A framework-agnostic build tool for server-rendered universal JavaScript applications.

Why Razzle?

Server side rendering is easy with Razzle. This was a must have for me. Plus, it doesn’t force you to use solutions that you don’t want to use.

So it “…is […] minimalistic…” (source)

Hot module reloading is also a nice feature to have. Customizing or extending defaults is simple too.

All this makes Razzle “…a nearly framework-agnostic build system…” which “…will 100% work with Angular, Vue, Rax, Preact, Inferno, React-XP, RN-Web…” Jared Palmer (source)

Who is using it?

What’s next?

Facebook Searcher was first “deployed” to an old-school hosting provider.

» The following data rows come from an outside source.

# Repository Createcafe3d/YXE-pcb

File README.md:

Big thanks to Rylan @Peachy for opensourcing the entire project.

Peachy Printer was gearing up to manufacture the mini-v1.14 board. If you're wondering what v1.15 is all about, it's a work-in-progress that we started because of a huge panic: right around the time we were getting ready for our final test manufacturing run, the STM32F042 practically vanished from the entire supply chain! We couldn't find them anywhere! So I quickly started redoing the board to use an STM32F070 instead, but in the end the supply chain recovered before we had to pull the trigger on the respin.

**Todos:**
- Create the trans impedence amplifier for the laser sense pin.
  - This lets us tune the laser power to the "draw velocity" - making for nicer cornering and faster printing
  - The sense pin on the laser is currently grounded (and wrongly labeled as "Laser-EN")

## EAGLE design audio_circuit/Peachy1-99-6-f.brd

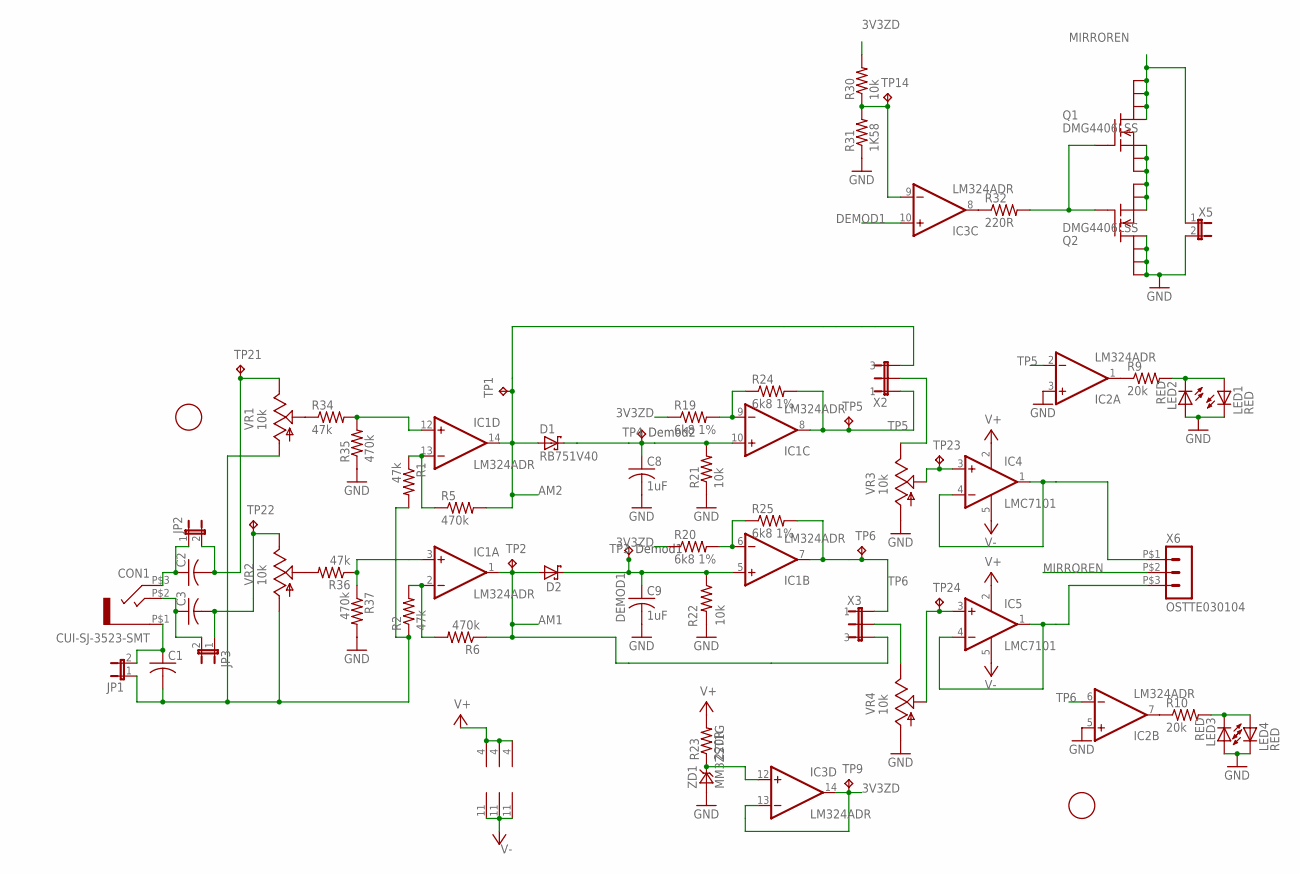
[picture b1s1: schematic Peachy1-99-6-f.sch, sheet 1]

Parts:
C1, C2, C3: C-US0805; C0805
C8, C9: 1uF; C0805; MPN CL21B105KBFNNNE
CON1: CUI-SJ-3523-SMT; MPN SJ-3523-SMT-TR
D1, D2: RB751V40; SOD323-R; MPN RB751V40,115
IC1, IC2, IC3: LM324ADR; SOIC14(TI-PKG-D); MPN LM324ADR
IC4, IC5: LMC7101; SOT23-5; MPN LMC7101BYM5
JP1, JP2, JP3: JUMPER-2SMD-NC; SJ_2S
LED1, LED2, LED3, LED4: RED; CHIPLED_0603; MPN LS L29K-G1J2-1-Z
Q1, Q2: DMG4406LSS; SO8_DMG; MPN DMG4406LSS-13
R1, R2, R34, R36: 47k; R0805; MPN RMCF0805JT47K0; DIGIKEY RMCF0805JT47K0CT-ND
R5, R6, R35, R37: 470k; R0805; MPN RMCF0805JT470K
R9, R10: 20k; R0805; MPN RMCF0805JT20K0
R19, R20, R24, R25: 6k8 1%; R0805; MPN RC0805FR-076K8L
R21, R22, R30: 10k; R0805; MPN RMCF0805JT10K0
R23, R32: 220R; R0805; MPN RMCF0805JT220R
R31: 1K58; R0805; MPN RC0805FR-071K58L
TP1, TP2, TP3, TP4, TP5, TP6, TP9, TP14, TP21, TP22, TP23, TP24: TP017HOLE; TP017TH
U$2, U$3: FIDUCIAL; FIDUCIAL_1MM
VR1, VR2: 10k; 67W; MPN 67WR10KLF
VR3, VR4: 10k; PVZ3A; MPN PVZ3A103C01R00
X2, X3: JUMPER-31-2; SJ_3_PASTE1&2
X5: JUMPER-2SMD-NO; SJ_2S-NO
X6: OSTTE030104; MPN OSTTE030104
ZD1: MM3ZST1G; SOD323-R; MPN BZX384-B3V3,115

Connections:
3V3ZD: IC3.13 (-IN), IC3.14 (OUT), R19.1, R20.1, R30.2, TP9.P$1; also elsewhere on the board
AM1: D2.A, IC1.1 (OUT), R6.1, TP2.P$1, X3.3; also elsewhere on the board
AM2: D1.A, IC1.14 (OUT), R5.2, TP1.P$1, X2.3
DEMOD1: C9.1, D2.C, IC1.5 (+IN), IC3.10 (+IN), R22.1, TP3.P$1
DEMOD2: C8.1, D1.C, IC1.10 (+IN), R21.2, TP4.P$1
GND: C8.2, C9.2, IC2.3 (+IN), IC2.5 (+IN), LED1.C, LED2.A, LED3.A, LED4.C, Q2.P$5 (D), Q2.P$6 (D), Q2.P$7 (D), Q2.P$8 (D), R21.1, R22.2, R31.1, R35.1, R37.2, VR3.P$1 (A), VR4.P$1 (A), X5.2, ZD1.A; also elsewhere on the board
MIRROREN: Q1.P$5 (D), Q1.P$6 (D), Q1.P$7 (D), Q1.P$8 (D), X5.1, X6.P$2 (2)
unnamed: C3.2, JP3.1, TP22.P$1, VR2.E
unnamed: C1.2, JP1.1, R1.2, R2.1, VR1.A, VR2.A
unnamed: R34.1, VR1.S
unnamed: IC1.13 (-IN), R1.1, R5.1
unnamed: IC1.12 (+IN), R34.2, R35.2
unnamed: VR4.P$3 (E), X3.2
unnamed: IC3.12 (+IN), R23.1, ZD1.C
unnamed: IC1.2 (-IN), R2.2, R6.2
unnamed: IC4.3 (+IN), TP23.P$1, VR3.P$2 (S)
unnamed: R36.2, VR2.S
unnamed: IC1.3 (+IN), R36.1, R37.1
unnamed: IC1.9 (-IN), R19.2, R24.1
unnamed: IC2.1 (OUT), R9.1
unnamed: IC1.6 (-IN), R20.2, R25.1
unnamed: IC2.7 (OUT), R10.1
unnamed: IC5.1 (OUT), IC5.4 (-IN), X6.P$3 (3)
unnamed: IC4.1 (OUT), IC4.4 (-IN), X6.P$1 (1)
unnamed: VR3.P$3 (E), X2.2
unnamed: IC5.3 (+IN), TP24.P$1, VR4.P$2 (S)
unnamed: Q1.P$4 (G), Q2.P$4 (G), R32.2
unnamed: Q1.P$1 (S), Q1.P$2 (S), Q1.P$3 (S), Q2.P$1 (S), Q2.P$2 (S), Q2.P$3 (S)
unnamed: IC3.9 (-IN), R30.1, R31.2, TP14.P$1
unnamed: LED1.A, LED2.C, R9.2
unnamed: IC3.8 (OUT), R32.1
unnamed: LED3.C, LED4.A, R10.2
unnamed: C1.1, CON1.P$1 (1), JP1.2
unnamed: C3.1, CON1.P$2 (3), JP3.2
unnamed: C2.1, CON1.P$3 (2), JP2.1
unnamed: C2.2, JP2.2, TP21.P$1, VR1.E
TP5: IC1.8 (OUT), IC2.2 (-IN), R24.2, TP5.P$1, X2.1
TP6: IC1.7 (OUT), IC2.6 (-IN), R25.2, TP6.P$1, X3.1
V+: IC1.4 (V+), IC2.4 (V+), IC3.4 (V+), IC4.2 (V+), IC5.2 (V+), R23.2; also elsewhere on the board
V-: IC1.11 (V-), IC2.11 (V-), IC3.11 (V-), IC4.5 (V-), IC5.5 (V-); also elsewhere on the board

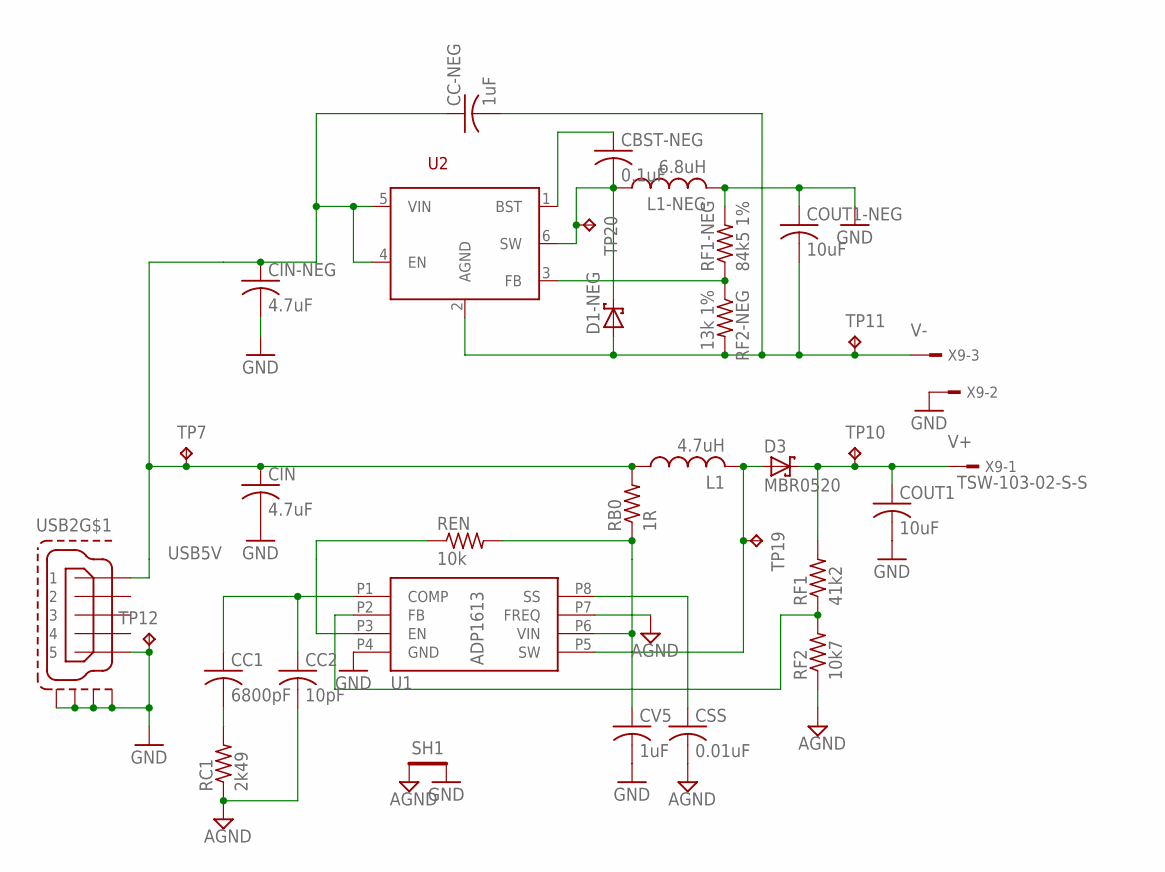
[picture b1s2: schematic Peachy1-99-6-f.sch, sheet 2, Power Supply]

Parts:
CBST-NEG: 0.1uF; C0805; MPN CL21B104KACNNNC
CC1: 6800pF; C0805; MPN CL21B682KBANNNC
CC2: 10pF; C0805; MPN CL21C100JCANNNC
CC-NEG: 1uF; C0805; MPN CL21B105KBFNNNE
CIN: 4.7uF; C0805; MPN CL21A475KOFNNNE
CIN-NEG: 4.7uF; C0805; MPN CL21A475KOFNNNE
COUT1, COUT1-NEG: 10uF; C0805; MPN CL21B106KQQNNNE
CSS: 0.01uF; C0805; MPN CL21B103KBANNNC
CV5: 1uF; C0805; MPN CL21B105KBFNNNE
D1-NEG, D3: MBR0520; SOD123; MPN MBR0520LT3G
L1: 4.7uH; L1210; MPN LQH32PN4R7NN0L
L1-NEG: 6.8uH; L1210; MPN LQH32PN6R8NN0
RB0: 1R; R0805; MPN RMCF0805JT1R00
RC1: 2k49; R0805; MPN RMCF0805FT2K49
REN: 10k; R0805; MPN RMCF0805JT10K0
RF1: 41k2; R0805; MPN RC0805FR-0741K2L
RF1-NEG: 84k5 1%; R0805; MPN RC0805FR-0784K5L
RF2: 10k7; R0805; MPN RC2012F1072CS
RF2-NEG: 13k 1%; R0805; MPN RC0805FR-0713KL
SH1: SHORT-HT5; SHORT_TOP-50
TP7, TP10, TP11, TP12, TP19, TP20: TP017HOLE; TP017TH
U1: ADP1613; RM-8; MPN ADP1613ARMZ-R7
U2: ADP2300; TSOT23-6; MPN ADP2300AUJZ-R7
USB2: FCI-MICROUSBAPCIRCUITS; FCI-USB-10118193-APCIRCUITS; MPN 10118193-0001LF
X9: TSW-103-02-S-S; MPN TSW-103-07-T-S

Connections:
AGND: CC2.2, CSS.2, RC1.1, RF2.1, SH1.1, U1.P7 (FREQ)
BOOST: CBST-NEG.1, U2.1 (BST)
GND: CIN.2, CIN-NEG.2, COUT1.2, COUT1-NEG.1, CV5.2, L1-NEG.2, RF1-NEG.2, SH1.2, TP12.P$1, U1.P4 (GND), USB2.P$5 (5), USB2.P$6 (S1), USB2.P$7 (S2), USB2.P$8 (S3), USB2.P$11 (S4), X9.2; also elsewhere on the board
unnamed: CV5.1, RB0.1, REN.2, U1.P6 (VIN)
unnamed: REN.1, U1.P3 (EN)
unnamed: CSS.1, U1.P8 (SS)
unnamed: RF1.1, RF2.2, U1.P2 (FB)
unnamed: CC1.1, CC2.1, U1.P1 (COMP)
unnamed: CC1.2, RC1.2
unnamed: RF1-NEG.1, RF2-NEG.1, U2.3 (FB)
SW+: D3.A, L1.2, TP19.P$1, U1.P5 (SW)
SW-: CBST-NEG.2, D1-NEG.C, L1-NEG.1, TP20.P$1, U2.6 (SW)
USB5V: CC-NEG.1, CIN.1, CIN-NEG.1, L1.1, RB0.2, TP7.P$1, U2.4 (EN), U2.5 (VIN), USB2.P$1 (1)
V+: COUT1.1, D3.C, RF1.2, TP10.P$1, X9.1; also elsewhere on the board
V-: CC-NEG.2, COUT1-NEG.2, D1-NEG.A, RF2-NEG.2, TP11.P$1, U2.2 (AGND), X9.3; also elsewhere on the board

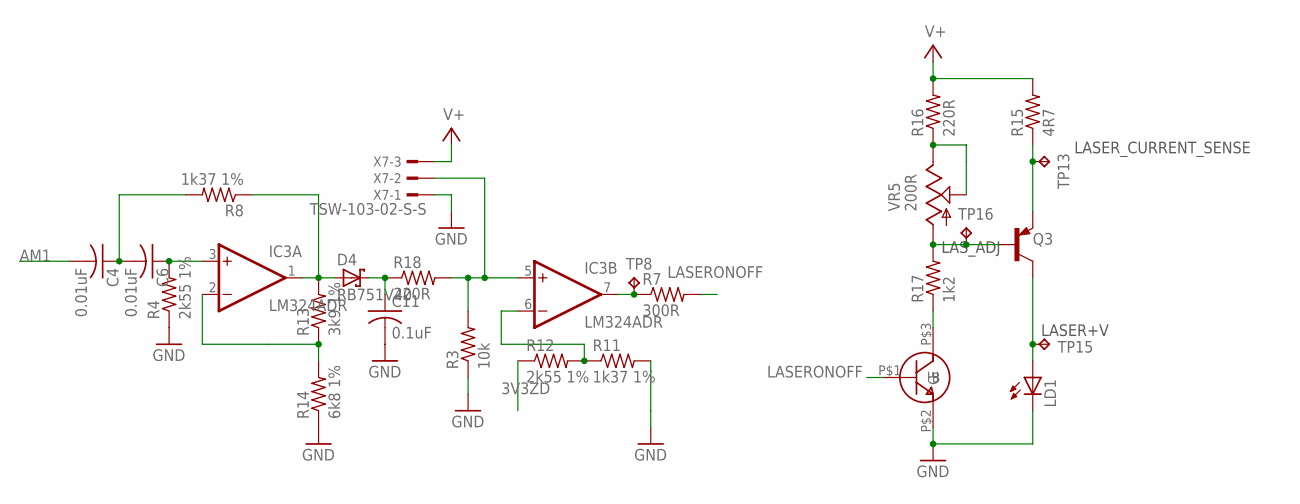
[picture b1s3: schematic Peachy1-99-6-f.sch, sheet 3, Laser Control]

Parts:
C4, C6: 0.01uF; C0805; MPN CL21B103KBANNNC
C11: 0.1uF; C0805; MPN CL21B104KACNNNC
D4: RB751V40; SOD323-R; MPN RB751V40,115
IC3: LM324ADR; SOIC14(TI-PKG-D); MPN LM324ADR
LD1: LASERDIODELD2; LASERDIODE2; MPN 3 x (0552-2-15-15-11-27-10-0)
Q3: BC857CT; SC-75
Q4: MMBT3904; SOT23; MPN MMBT3904,215
R3: 10k; R0805; MPN RMCF0805JT10K0
R4, R12: 2k55 1%; R0805; MPN RC0805FR-072K55L
R7: 300R; R0805; MPN RC0805JR-07300RL
R8, R11: 1k37 1%; R0805; MPN RC0805FR-071K37L
R13: 3k9 1%; R0805; MPN RC0805FR-073K9L
R14: 6k8 1%; R0805; MPN RC0805FR-076K8L
R15: 4R7; R0805; MPN RMCF0805JT4R70
R16, R18: 220R; R0805; MPN RMCF0805JT220R
R17: 1k2; R0805; MPN RC2012J122CS
TP8, TP13, TP15, TP16: TP017HOLE; TP017TH
VR5: 200R; TC33X; MPN ???
X7: TSW-103-02-S-S; MPN TSW-103-07-T-S

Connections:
3V3ZD: R12.1; also elsewhere on the board
AM1: C4.2; also elsewhere on the board
GND: C11.2, LD1.P$3 (C), Q4.P$2 (E), R3.1, R4.1, R11.2, R14.1, X7.1; also elsewhere on the board
LASERONOFF: Q4.P$1 (B), R7.2
unnamed: IC3.5 (+IN), R3.2, R18.2, X7.2
unnamed: IC3.6 (-IN), R11.1, R12.2
unnamed: IC3.2 (-IN), R13.1, R14.2
unnamed: LD1.P$1 (A), Q3.P$3 (C), TP15.P$1
unnamed: IC3.7 (OUT), R7.1, TP8.P$1
unnamed: C6.1, IC3.3 (+IN), R4.2
unnamed: C4.1, C6.2, R8.2
unnamed: D4.A, IC3.1 (OUT), R8.1, R13.2
unnamed: C11.1, D4.C, R18.1
unnamed: R16.1, VR5.P$2 (S), VR5.P$3 (E)
unnamed: Q3.P$1 (B), R17.2, TP16.P$1, VR5.P$1 (A)
unnamed: Q4.P$3 (C), R17.1
unnamed: Q3.P$2 (E), R15.1, TP13.P$1
V+: R15.2, R16.2, X7.3; also elsewhere on the board

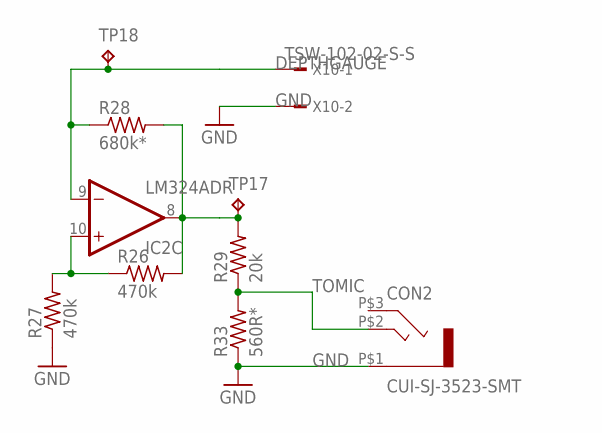
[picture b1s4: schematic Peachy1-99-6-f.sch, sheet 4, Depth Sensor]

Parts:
CON2: CUI-SJ-3523-SMT; MPN SJ-3523-SMT-TR
IC2: LM324ADR; SOIC14(TI-PKG-D); MPN LM324ADR
R26, R27: 470k; R0805; MPN RMCF0805JT470K
R28: 680k*; 70543-02; MPN PPTC021LFBN-RC
R29: 20k; R0805; MPN RMCF0805JT20K0
R33: 560R*; R0805; MPN RMCF0805JT560R
TP17, TP18: TP017HOLE; TP017TH
X10: TSW-102-02-S-S

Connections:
DEPTHGAUGE: IC2.9 (-IN), R28.1, TP18.P$1, X10.1
GND: CON2.P$1 (1), R27.1, R33.1, X10.2; also elsewhere on the board
unnamed: IC2.8 (OUT), R26.2, R28.2, R29.2, TP17.P$1
unnamed: IC2.10 (+IN), R26.1, R27.2
TOMIC: CON2.P$2 (3), R29.1, R33.2

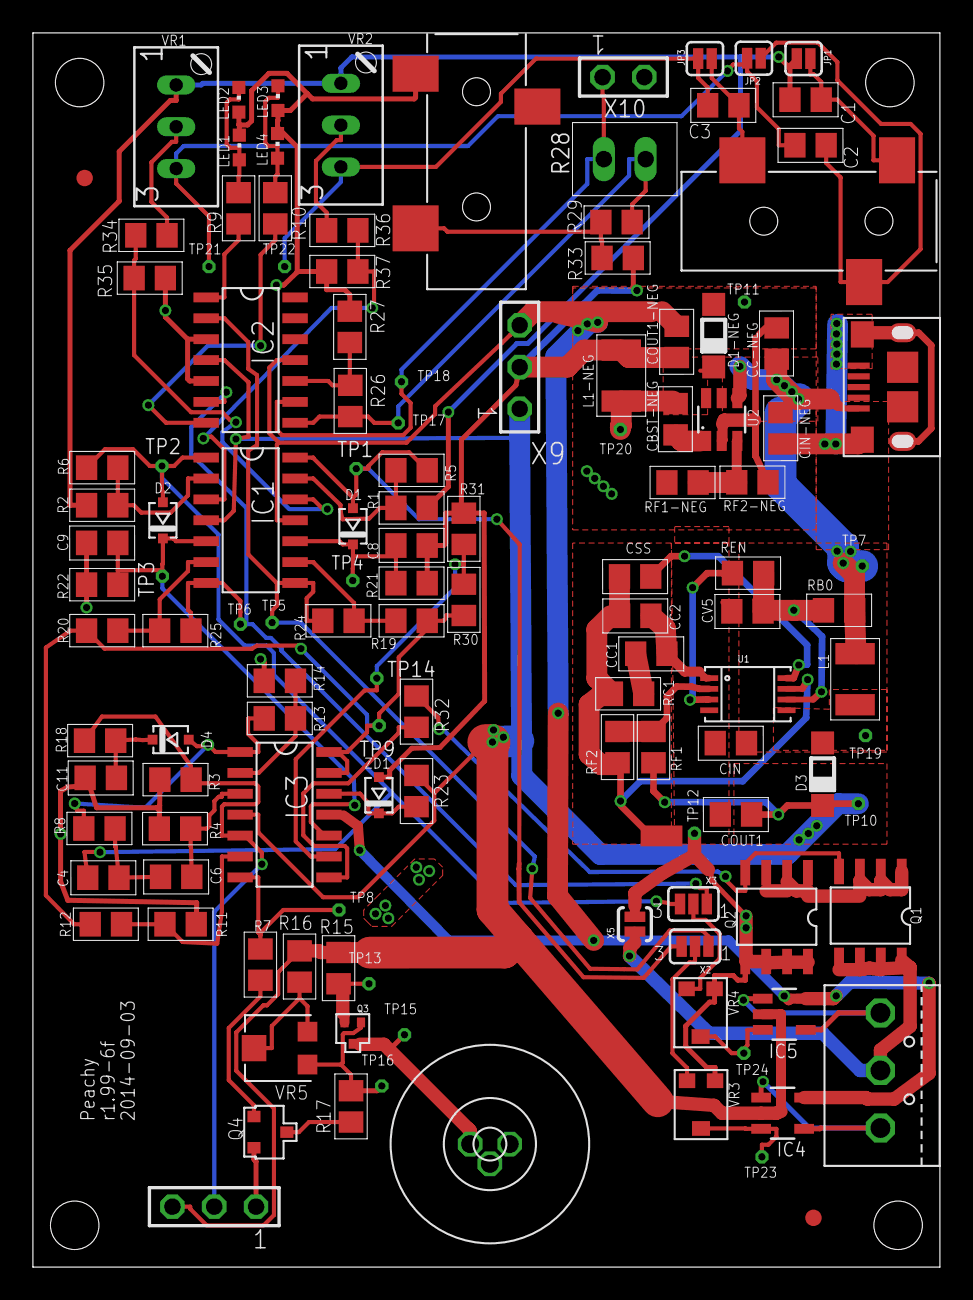
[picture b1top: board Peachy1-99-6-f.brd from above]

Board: 2 copper layers, 55.1 x 75.0 mm, 131 parts (0 on the bottom side), 70 nets.

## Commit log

2016-10-11 Create LICENCE
2016-10-27 Git cleanup, moving old (useless?) files out of the way
2016-10-27 Updated Scotts audio board files with his latest
2016-11-03 More organisation, re-added deleted eagle files -_- woops
2016-11-03 Small README updates
2016-11-03 README Updates Part 2

I had Secure Shell access there, so I was able to install Node.js.

I used Process Manager 2 to make sure it is running no matter what. Of course, this wasn’t as fast as having a static website. Plus, I didn’t have a good framework for deployments and updates in place. After a while, I started to save the HTML by hand and publish the application on Netlify this way. It was more reliable and the application loaded way faster too.

Later on, I switched to Firebase Hosting, which is even faster and even more reliable in general. I implemented the static site generation feature somewhere at this point. Doing it by hand was unsustainable for sure. Now I can build and deploy Facebook Searcher with just one command. I can now focus hard on implementing the remaining features.

Deploy with one command

Deploying our application to Firebase Hosting is easy. Moreover, we can still deploy it as a Firebase Function instead (basic example). Maybe this topic alone would worth another article regardless the easiness.

Currently, my project doesn’t come with rooting. If you need it for your project, you can add a router or you can consider using After.js instead, which is basically Razzle with routing and related capabilities.

I am also looking forward to updating the project to the 1. version of Material-UI once they release it and add back the checkbox animations that I love so much.

Take away

Experimenting and or reading this article you can use Material-UI quickly and easily in a sophisticated way. So go ahead and build something wonderful! 🎉

Would you use this setup? Do you prefer something else?